When asked, "What shall we do with the Negro?" the escaped slave-turned-abolitionist speaker Frederick Douglass replied, "Do nothing with us! Your doing with us has already played the mischief with us." He understood that the problem of racial bigotry in America had more to do with government intervention than with government neglect. Douglass summed up in one word what the Negro asks of government, "justice," which translates into "equality before the law" for all who deserve and claim its protection. If government protected the equal rights of citizenship for each and every American, there would be little left for government to do except to prosecute bonafide cases of racial discrimination by convicting proven perpetrators and awarding compensation for actual victims of discrimination.

We should reclaim the notion of "innocent until proven guilty." Instead of government-mandated policies that presume injuries, victims, and offenders without requiring proof of injury, i.e., affirmative action as practiced today, actual victims of racial discrimination should take their case to court. If successful, they should be compensated for their loss and awarded heavy punitive damages to deter other businesses (or schools) from engaging in bigoted decision-making.
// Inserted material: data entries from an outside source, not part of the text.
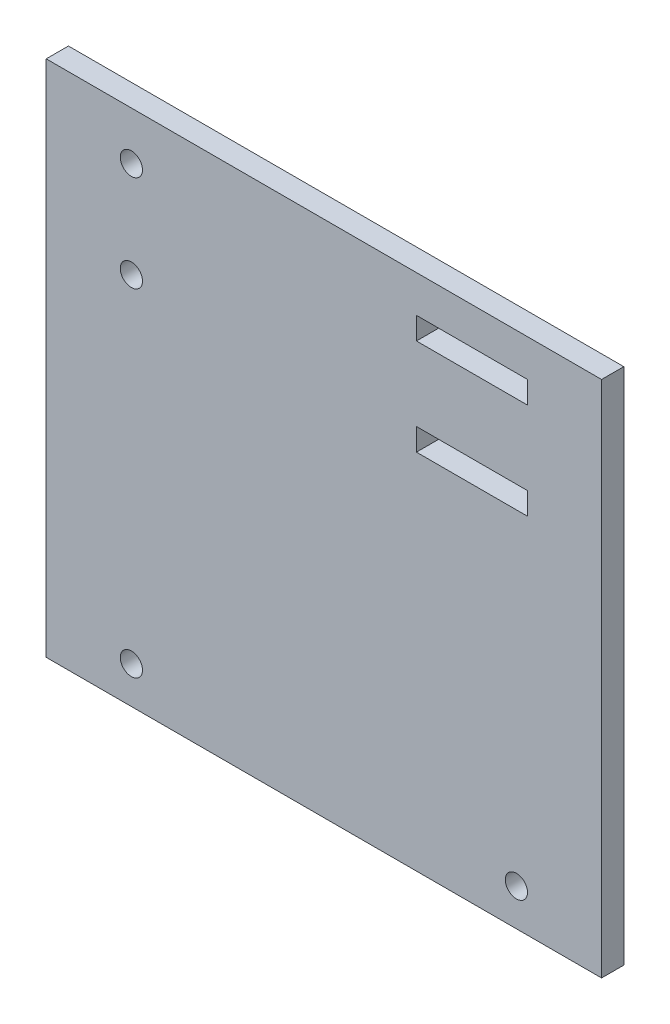
ISO-10303-21;
HEADER;
FILE_DESCRIPTION(('STEP AP214'),'2;1');
FILE_NAME('part.step','',(''),(''),'','','');
FILE_SCHEMA(('AUTOMOTIVE_DESIGN { 1 0 10303 214 1 1 1 1 }'));
ENDSEC;
DATA;
#1=APPLICATION_CONTEXT('core data for automotive mechanical design processes');
#2=APPLICATION_PROTOCOL_DEFINITION('international standard','automotive_design',2000,#1);
#3=PRODUCT_CONTEXT('',#1,'mechanical');
#4=PRODUCT('Part','Part','',(#3));
#5=PRODUCT_RELATED_PRODUCT_CATEGORY('part','',(#4));
#6=PRODUCT_DEFINITION_FORMATION('','',#4);
#7=PRODUCT_DEFINITION_CONTEXT('part definition',#1,'design');
#8=PRODUCT_DEFINITION('design','',#6,#7);
#9=PRODUCT_DEFINITION_SHAPE('','',#8);
#10=(LENGTH_UNIT() NAMED_UNIT(*) SI_UNIT(.MILLI.,.METRE.));
#11=(NAMED_UNIT(*) PLANE_ANGLE_UNIT() SI_UNIT($,.RADIAN.));
#12=(NAMED_UNIT(*) SI_UNIT($,.STERADIAN.) SOLID_ANGLE_UNIT());
#13=UNCERTAINTY_MEASURE_WITH_UNIT(LENGTH_MEASURE(1.E-05),#10,'distance_accuracy_value','');
#14=(GEOMETRIC_REPRESENTATION_CONTEXT(3) GLOBAL_UNCERTAINTY_ASSIGNED_CONTEXT((#13)) GLOBAL_UNIT_ASSIGNED_CONTEXT((#10,
#11,#12)) REPRESENTATION_CONTEXT('',''));
#15=CARTESIAN_POINT('',(0.,0.,0.));
#16=DIRECTION('',(0.,0.,1.));
#17=DIRECTION('',(1.,0.,0.));
#18=AXIS2_PLACEMENT_3D('',#15,#16,#17);
#19=CARTESIAN_POINT('',(0.,0.,3.));
#20=DIRECTION('',(0.,0.,1.));
#21=DIRECTION('',(1.,0.,0.));
#22=AXIS2_PLACEMENT_3D('',#19,#20,#21);
#23=PLANE('',#22);
#24=CARTESIAN_POINT('',(13.3163265306122,-32.8367346938776,3.));
#25=DIRECTION('',(0.,0.,1.));
#26=DIRECTION('',(1.,0.,0.));
#27=AXIS2_PLACEMENT_3D('',#24,#25,#26);
#28=CIRCLE('',#27,1.50000000000002);
#29=CARTESIAN_POINT('',(14.8163265306122,-32.8367346938776,3.));
#30=VERTEX_POINT('',#29);
#31=EDGE_CURVE('E160',#30,#30,#28,.T.);
#32=ORIENTED_EDGE('',*,*,#31,.F.);
#33=EDGE_LOOP('',(#32));
#34=FACE_BOUND('',#33,.T.);
#35=DIRECTION('',(1.,0.,0.));
#36=VECTOR('',#35,1.);
#37=CARTESIAN_POINT('',(-0.18367346938776,24.1632653061225,3.));
#38=LINE('',#37,#36);
#39=CARTESIAN_POINT('',(-0.18367346938776,24.1632653061225,3.));
#40=VERTEX_POINT('',#39);
#41=CARTESIAN_POINT('',(14.8163265306122,24.1632653061225,3.));
#42=VERTEX_POINT('',#41);
#43=EDGE_CURVE('E174',#40,#42,#38,.T.);
#44=ORIENTED_EDGE('',*,*,#43,.F.);
#45=DIRECTION('',(0.,-1.,0.));
#46=VECTOR('',#45,1.);
#47=CARTESIAN_POINT('',(-0.18367346938776,27.1632653061225,3.));
#48=LINE('',#47,#46);
#49=CARTESIAN_POINT('',(-0.18367346938776,27.1632653061225,3.));
#50=VERTEX_POINT('',#49);
#51=EDGE_CURVE('E172',#50,#40,#48,.T.);
#52=ORIENTED_EDGE('',*,*,#51,.F.);
#53=DIRECTION('',(-1.,0.,0.));
#54=VECTOR('',#53,1.);
#55=CARTESIAN_POINT('',(-0.18367346938776,27.1632653061225,3.));
#56=LINE('',#55,#54);
#57=CARTESIAN_POINT('',(14.8163265306122,27.1632653061225,3.));
#58=VERTEX_POINT('',#57);
#59=EDGE_CURVE('E180',#58,#50,#56,.T.);
#60=ORIENTED_EDGE('',*,*,#59,.F.);
#61=DIRECTION('',(0.,1.,0.));
#62=VECTOR('',#61,1.);
#63=CARTESIAN_POINT('',(14.8163265306122,27.1632653061225,3.));
#64=LINE('',#63,#62);
#65=EDGE_CURVE('E177',#42,#58,#64,.T.);
#66=ORIENTED_EDGE('',*,*,#65,.F.);
#67=EDGE_LOOP('',(#44,#52,#60,#66));
#68=FACE_BOUND('',#67,.T.);
#69=CARTESIAN_POINT('',(-38.6836734693878,25.6632653061225,3.));
#70=DIRECTION('',(0.,0.,1.));
#71=DIRECTION('',(1.,0.,0.));
#72=AXIS2_PLACEMENT_3D('',#69,#70,#71);
#73=CIRCLE('',#72,1.5);
#74=CARTESIAN_POINT('',(-37.1836734693878,25.6632653061225,3.));
#75=VERTEX_POINT('',#74);
#76=EDGE_CURVE('E209',#75,#75,#73,.T.);
#77=ORIENTED_EDGE('',*,*,#76,.F.);
#78=EDGE_LOOP('',(#77));
#79=FACE_BOUND('',#78,.T.);
#80=DIRECTION('',(0.,-1.,0.));
#81=VECTOR('',#80,1.);
#82=CARTESIAN_POINT('',(-50.1836734693878,32.1632653061225,3.));
#83=LINE('',#82,#81);
#84=CARTESIAN_POINT('',(-50.1836734693878,32.1632653061225,3.));
#85=VERTEX_POINT('',#84);
#86=CARTESIAN_POINT('',(-50.1836734693878,-37.8367346938776,3.));
#87=VERTEX_POINT('',#86);
#88=EDGE_CURVE('E215',#85,#87,#83,.T.);
#89=ORIENTED_EDGE('',*,*,#88,.T.);
#90=DIRECTION('',(1.,0.,0.));
#91=VECTOR('',#90,1.);
#92=CARTESIAN_POINT('',(-50.1836734693878,-37.8367346938776,3.));
#93=LINE('',#92,#91);
#94=CARTESIAN_POINT('',(24.8163265306122,-37.8367346938776,3.));
#95=VERTEX_POINT('',#94);
#96=EDGE_CURVE('E218',#87,#95,#93,.T.);
#97=ORIENTED_EDGE('',*,*,#96,.T.);
#98=DIRECTION('',(0.,1.,0.));
#99=VECTOR('',#98,1.);
#100=CARTESIAN_POINT('',(24.8163265306122,32.1632653061225,3.));
#101=LINE('',#100,#99);
#102=CARTESIAN_POINT('',(24.8163265306122,32.1632653061225,3.));
#103=VERTEX_POINT('',#102);
#104=EDGE_CURVE('E221',#95,#103,#101,.T.);
#105=ORIENTED_EDGE('',*,*,#104,.T.);
#106=DIRECTION('',(-1.,0.,0.));
#107=VECTOR('',#106,1.);
#108=CARTESIAN_POINT('',(-50.1836734693878,32.1632653061225,3.));
#109=LINE('',#108,#107);
#110=EDGE_CURVE('E223',#103,#85,#109,.T.);
#111=ORIENTED_EDGE('',*,*,#110,.T.);
#112=EDGE_LOOP('',(#89,#97,#105,#111));
#113=FACE_BOUND('',#112,.T.);
#114=CARTESIAN_POINT('',(-38.6836734693878,12.6632653061225,3.));
#115=DIRECTION('',(0.,0.,1.));
#116=DIRECTION('',(1.,0.,0.));
#117=AXIS2_PLACEMENT_3D('',#114,#115,#116);
#118=CIRCLE('',#117,1.5);
#119=CARTESIAN_POINT('',(-37.1836734693878,12.6632653061225,3.));
#120=VERTEX_POINT('',#119);
#121=EDGE_CURVE('E203',#120,#120,#118,.T.);
#122=ORIENTED_EDGE('',*,*,#121,.F.);
#123=EDGE_LOOP('',(#122));
#124=FACE_BOUND('',#123,.T.);
#125=CARTESIAN_POINT('',(-38.6836734693878,-32.8367346938776,3.));
#126=DIRECTION('',(0.,0.,1.));
#127=DIRECTION('',(1.,0.,0.));
#128=AXIS2_PLACEMENT_3D('',#125,#126,#127);
#129=CIRCLE('',#128,1.5);
#130=CARTESIAN_POINT('',(-37.1836734693878,-32.8367346938776,3.));
#131=VERTEX_POINT('',#130);
#132=EDGE_CURVE('E166',#131,#131,#129,.T.);
#133=ORIENTED_EDGE('',*,*,#132,.F.);
#134=EDGE_LOOP('',(#133));
#135=FACE_BOUND('',#134,.T.);
#136=DIRECTION('',(1.,0.,0.));
#137=VECTOR('',#136,1.);
#138=CARTESIAN_POINT('',(-0.183673469387754,11.1632653061225,3.));
#139=LINE('',#138,#137);
#140=CARTESIAN_POINT('',(-0.183673469387754,11.1632653061225,3.));
#141=VERTEX_POINT('',#140);
#142=CARTESIAN_POINT('',(14.8163265306122,11.1632653061225,3.));
#143=VERTEX_POINT('',#142);
#144=EDGE_CURVE('E132',#141,#143,#139,.T.);
#145=ORIENTED_EDGE('',*,*,#144,.F.);
#146=DIRECTION('',(0.,-1.,0.));
#147=VECTOR('',#146,1.);
#148=CARTESIAN_POINT('',(-0.183673469387754,14.1632653061225,3.));
#149=LINE('',#148,#147);
#150=CARTESIAN_POINT('',(-0.183673469387754,14.1632653061225,3.));
#151=VERTEX_POINT('',#150);
#152=EDGE_CURVE('E124',#151,#141,#149,.T.);
#153=ORIENTED_EDGE('',*,*,#152,.F.);
#154=DIRECTION('',(-1.,0.,0.));
#155=VECTOR('',#154,1.);
#156=CARTESIAN_POINT('',(-0.183673469387754,14.1632653061225,3.));
#157=LINE('',#156,#155);
#158=CARTESIAN_POINT('',(14.8163265306122,14.1632653061225,3.));
#159=VERTEX_POINT('',#158);
#160=EDGE_CURVE('E146',#159,#151,#157,.T.);
#161=ORIENTED_EDGE('',*,*,#160,.F.);
#162=DIRECTION('',(0.,1.,0.));
#163=VECTOR('',#162,1.);
#164=CARTESIAN_POINT('',(14.8163265306122,14.1632653061225,3.));
#165=LINE('',#164,#163);
#166=EDGE_CURVE('E144',#143,#159,#165,.T.);
#167=ORIENTED_EDGE('',*,*,#166,.F.);
#168=EDGE_LOOP('',(#145,#153,#161,#167));
#169=FACE_BOUND('',#168,.T.);
#170=ADVANCED_FACE('F35',(#34,#68,#79,#113,#124,#135,#169),#23,.T.);
#171=CARTESIAN_POINT('',(0.,0.,0.));
#172=DIRECTION('',(0.,0.,1.));
#173=DIRECTION('',(1.,0.,0.));
#174=AXIS2_PLACEMENT_3D('',#171,#172,#173);
#175=PLANE('',#174);
#176=CARTESIAN_POINT('',(13.3163265306122,-32.8367346938776,0.));
#177=DIRECTION('',(0.,0.,1.));
#178=DIRECTION('',(1.,0.,0.));
#179=AXIS2_PLACEMENT_3D('',#176,#177,#178);
#180=CIRCLE('',#179,1.50000000000002);
#181=CARTESIAN_POINT('',(14.8163265306122,-32.8367346938776,0.));
#182=VERTEX_POINT('',#181);
#183=EDGE_CURVE('E140',#182,#182,#180,.T.);
#184=ORIENTED_EDGE('',*,*,#183,.T.);
#185=EDGE_LOOP('',(#184));
#186=FACE_BOUND('',#185,.T.);
#187=DIRECTION('',(0.,-1.,0.));
#188=VECTOR('',#187,1.);
#189=CARTESIAN_POINT('',(-0.18367346938776,27.1632653061225,0.));
#190=LINE('',#189,#188);
#191=CARTESIAN_POINT('',(-0.18367346938776,27.1632653061225,0.));
#192=VERTEX_POINT('',#191);
#193=CARTESIAN_POINT('',(-0.18367346938776,24.1632653061225,0.));
#194=VERTEX_POINT('',#193);
#195=EDGE_CURVE('E169',#192,#194,#190,.T.);
#196=ORIENTED_EDGE('',*,*,#195,.T.);
#197=DIRECTION('',(1.,0.,0.));
#198=VECTOR('',#197,1.);
#199=CARTESIAN_POINT('',(-0.18367346938776,24.1632653061225,0.));
#200=LINE('',#199,#198);
#201=CARTESIAN_POINT('',(14.8163265306122,24.1632653061225,0.));
#202=VERTEX_POINT('',#201);
#203=EDGE_CURVE('E185',#194,#202,#200,.T.);
#204=ORIENTED_EDGE('',*,*,#203,.T.);
#205=DIRECTION('',(0.,1.,0.));
#206=VECTOR('',#205,1.);
#207=CARTESIAN_POINT('',(14.8163265306122,27.1632653061225,0.));
#208=LINE('',#207,#206);
#209=CARTESIAN_POINT('',(14.8163265306122,27.1632653061225,0.));
#210=VERTEX_POINT('',#209);
#211=EDGE_CURVE('E188',#202,#210,#208,.T.);
#212=ORIENTED_EDGE('',*,*,#211,.T.);
#213=DIRECTION('',(-1.,0.,0.));
#214=VECTOR('',#213,1.);
#215=CARTESIAN_POINT('',(-0.18367346938776,27.1632653061225,0.));
#216=LINE('',#215,#214);
#217=EDGE_CURVE('E175',#210,#192,#216,.T.);
#218=ORIENTED_EDGE('',*,*,#217,.T.);
#219=EDGE_LOOP('',(#196,#204,#212,#218));
#220=FACE_BOUND('',#219,.T.);
#221=CARTESIAN_POINT('',(-38.6836734693878,25.6632653061225,0.));
#222=DIRECTION('',(0.,0.,1.));
#223=DIRECTION('',(1.,0.,0.));
#224=AXIS2_PLACEMENT_3D('',#221,#222,#223);
#225=CIRCLE('',#224,1.5);
#226=CARTESIAN_POINT('',(-37.1836734693878,25.6632653061225,0.));
#227=VERTEX_POINT('',#226);
#228=EDGE_CURVE('E206',#227,#227,#225,.T.);
#229=ORIENTED_EDGE('',*,*,#228,.T.);
#230=EDGE_LOOP('',(#229));
#231=FACE_BOUND('',#230,.T.);
#232=DIRECTION('',(0.,-1.,0.));
#233=VECTOR('',#232,1.);
#234=CARTESIAN_POINT('',(-50.1836734693878,32.1632653061225,0.));
#235=LINE('',#234,#233);
#236=CARTESIAN_POINT('',(-50.1836734693878,32.1632653061225,0.));
#237=VERTEX_POINT('',#236);
#238=CARTESIAN_POINT('',(-50.1836734693878,-37.8367346938776,0.));
#239=VERTEX_POINT('',#238);
#240=EDGE_CURVE('E212',#237,#239,#235,.T.);
#241=ORIENTED_EDGE('',*,*,#240,.F.);
#242=DIRECTION('',(-1.,0.,0.));
#243=VECTOR('',#242,1.);
#244=CARTESIAN_POINT('',(-50.1836734693878,32.1632653061225,0.));
#245=LINE('',#244,#243);
#246=CARTESIAN_POINT('',(24.8163265306122,32.1632653061225,0.));
#247=VERTEX_POINT('',#246);
#248=EDGE_CURVE('E219',#247,#237,#245,.T.);
#249=ORIENTED_EDGE('',*,*,#248,.F.);
#250=DIRECTION('',(0.,1.,0.));
#251=VECTOR('',#250,1.);
#252=CARTESIAN_POINT('',(24.8163265306122,32.1632653061225,0.));
#253=LINE('',#252,#251);
#254=CARTESIAN_POINT('',(24.8163265306122,-37.8367346938776,0.));
#255=VERTEX_POINT('',#254);
#256=EDGE_CURVE('E230',#255,#247,#253,.T.);
#257=ORIENTED_EDGE('',*,*,#256,.F.);
#258=DIRECTION('',(1.,0.,0.));
#259=VECTOR('',#258,1.);
#260=CARTESIAN_POINT('',(-50.1836734693878,-37.8367346938776,0.));
#261=LINE('',#260,#259);
#262=EDGE_CURVE('E228',#239,#255,#261,.T.);
#263=ORIENTED_EDGE('',*,*,#262,.F.);
#264=EDGE_LOOP('',(#241,#249,#257,#263));
#265=FACE_BOUND('',#264,.T.);
#266=CARTESIAN_POINT('',(-38.6836734693878,12.6632653061225,0.));
#267=DIRECTION('',(0.,0.,1.));
#268=DIRECTION('',(1.,0.,0.));
#269=AXIS2_PLACEMENT_3D('',#266,#267,#268);
#270=CIRCLE('',#269,1.5);
#271=CARTESIAN_POINT('',(-37.1836734693878,12.6632653061225,0.));
#272=VERTEX_POINT('',#271);
#273=EDGE_CURVE('E202',#272,#272,#270,.T.);
#274=ORIENTED_EDGE('',*,*,#273,.T.);
#275=EDGE_LOOP('',(#274));
#276=FACE_BOUND('',#275,.T.);
#277=CARTESIAN_POINT('',(-38.6836734693878,-32.8367346938776,0.));
#278=DIRECTION('',(0.,0.,1.));
#279=DIRECTION('',(1.,0.,0.));
#280=AXIS2_PLACEMENT_3D('',#277,#278,#279);
#281=CIRCLE('',#280,1.5);
#282=CARTESIAN_POINT('',(-37.1836734693878,-32.8367346938776,0.));
#283=VERTEX_POINT('',#282);
#284=EDGE_CURVE('E163',#283,#283,#281,.T.);
#285=ORIENTED_EDGE('',*,*,#284,.T.);
#286=EDGE_LOOP('',(#285));
#287=FACE_BOUND('',#286,.T.);
#288=DIRECTION('',(0.,-1.,0.));
#289=VECTOR('',#288,1.);
#290=CARTESIAN_POINT('',(-0.183673469387754,14.1632653061225,0.));
#291=LINE('',#290,#289);
#292=CARTESIAN_POINT('',(-0.183673469387754,14.1632653061225,0.));
#293=VERTEX_POINT('',#292);
#294=CARTESIAN_POINT('',(-0.183673469387754,11.1632653061225,0.));
#295=VERTEX_POINT('',#294);
#296=EDGE_CURVE('E58',#293,#295,#291,.T.);
#297=ORIENTED_EDGE('',*,*,#296,.T.);
#298=DIRECTION('',(1.,0.,0.));
#299=VECTOR('',#298,1.);
#300=CARTESIAN_POINT('',(-0.183673469387754,11.1632653061225,0.));
#301=LINE('',#300,#299);
#302=CARTESIAN_POINT('',(14.8163265306122,11.1632653061225,0.));
#303=VERTEX_POINT('',#302);
#304=EDGE_CURVE('E139',#295,#303,#301,.T.);
#305=ORIENTED_EDGE('',*,*,#304,.T.);
#306=DIRECTION('',(0.,1.,0.));
#307=VECTOR('',#306,1.);
#308=CARTESIAN_POINT('',(14.8163265306122,14.1632653061225,0.));
#309=LINE('',#308,#307);
#310=CARTESIAN_POINT('',(14.8163265306122,14.1632653061225,0.));
#311=VERTEX_POINT('',#310);
#312=EDGE_CURVE('E152',#303,#311,#309,.T.);
#313=ORIENTED_EDGE('',*,*,#312,.T.);
#314=DIRECTION('',(-1.,0.,0.));
#315=VECTOR('',#314,1.);
#316=CARTESIAN_POINT('',(-0.183673469387754,14.1632653061225,0.));
#317=LINE('',#316,#315);
#318=EDGE_CURVE('E133',#311,#293,#317,.T.);
#319=ORIENTED_EDGE('',*,*,#318,.T.);
#320=EDGE_LOOP('',(#297,#305,#313,#319));
#321=FACE_BOUND('',#320,.T.);
#322=ADVANCED_FACE('F248',(#186,#220,#231,#265,#276,#287,#321),#175,.F.);
#323=CARTESIAN_POINT('',(-50.1836734693878,32.1632653061225,3.));
#324=DIRECTION('',(1.,0.,0.));
#325=DIRECTION('',(0.,1.,0.));
#326=AXIS2_PLACEMENT_3D('',#323,#324,#325);
#327=PLANE('',#326);
#328=ORIENTED_EDGE('',*,*,#240,.T.);
#329=DIRECTION('',(0.,0.,-1.));
#330=VECTOR('',#329,1.);
#331=CARTESIAN_POINT('',(-50.1836734693878,-37.8367346938776,3.));
#332=LINE('',#331,#330);
#333=EDGE_CURVE('E11',#87,#239,#332,.T.);
#334=ORIENTED_EDGE('',*,*,#333,.F.);
#335=ORIENTED_EDGE('',*,*,#88,.F.);
#336=DIRECTION('',(0.,0.,-1.));
#337=VECTOR('',#336,1.);
#338=CARTESIAN_POINT('',(-50.1836734693878,32.1632653061225,3.));
#339=LINE('',#338,#337);
#340=EDGE_CURVE('E225',#85,#237,#339,.T.);
#341=ORIENTED_EDGE('',*,*,#340,.T.);
#342=EDGE_LOOP('',(#328,#334,#335,#341));
#343=FACE_BOUND('',#342,.T.);
#344=ADVANCED_FACE('F37',(#343),#327,.F.);
#345=CARTESIAN_POINT('',(-50.1836734693878,-37.8367346938776,3.));
#346=DIRECTION('',(0.,1.,0.));
#347=DIRECTION('',(0.,0.,1.));
#348=AXIS2_PLACEMENT_3D('',#345,#346,#347);
#349=PLANE('',#348);
#350=ORIENTED_EDGE('',*,*,#262,.T.);
#351=DIRECTION('',(0.,0.,-1.));
#352=VECTOR('',#351,1.);
#353=CARTESIAN_POINT('',(24.8163265306122,-37.8367346938776,3.));
#354=LINE('',#353,#352);
#355=EDGE_CURVE('E43',#95,#255,#354,.T.);
#356=ORIENTED_EDGE('',*,*,#355,.F.);
#357=ORIENTED_EDGE('',*,*,#96,.F.);
#358=ORIENTED_EDGE('',*,*,#333,.T.);
#359=EDGE_LOOP('',(#350,#356,#357,#358));
#360=FACE_BOUND('',#359,.T.);
#361=ADVANCED_FACE('F259',(#360),#349,.F.);
#362=CARTESIAN_POINT('',(24.8163265306122,32.1632653061225,3.));
#363=DIRECTION('',(-1.,0.,0.));
#364=DIRECTION('',(0.,-1.,0.));
#365=AXIS2_PLACEMENT_3D('',#362,#363,#364);
#366=PLANE('',#365);
#367=ORIENTED_EDGE('',*,*,#256,.T.);
#368=DIRECTION('',(0.,0.,-1.));
#369=VECTOR('',#368,1.);
#370=CARTESIAN_POINT('',(24.8163265306122,32.1632653061225,3.));
#371=LINE('',#370,#369);
#372=EDGE_CURVE('E235',#103,#247,#371,.T.);
#373=ORIENTED_EDGE('',*,*,#372,.F.);
#374=ORIENTED_EDGE('',*,*,#104,.F.);
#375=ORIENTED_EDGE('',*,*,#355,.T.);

Instead of government set-asides, employer "goals and timetables," and university quotas disguised as "diversity," individual citizens should assume the responsibility to secure their rights under a government of equal laws and impartial courts.

With a debate over the direction of race-based policies already in progress, the president’s claim to start a national conversation about race served only as a rude interruption. When a majority of California citizens declared an end to racial discrimination by the state, affirming a nationwide trend towards color-blind policies, it’s a shame the President of the United States turned a blind eye to their pursuit of liberty and justice for all.

Lucas Morel is an Adjunct Fellow at the John M. Ashbrook Center for Public Affairs at Ashland University.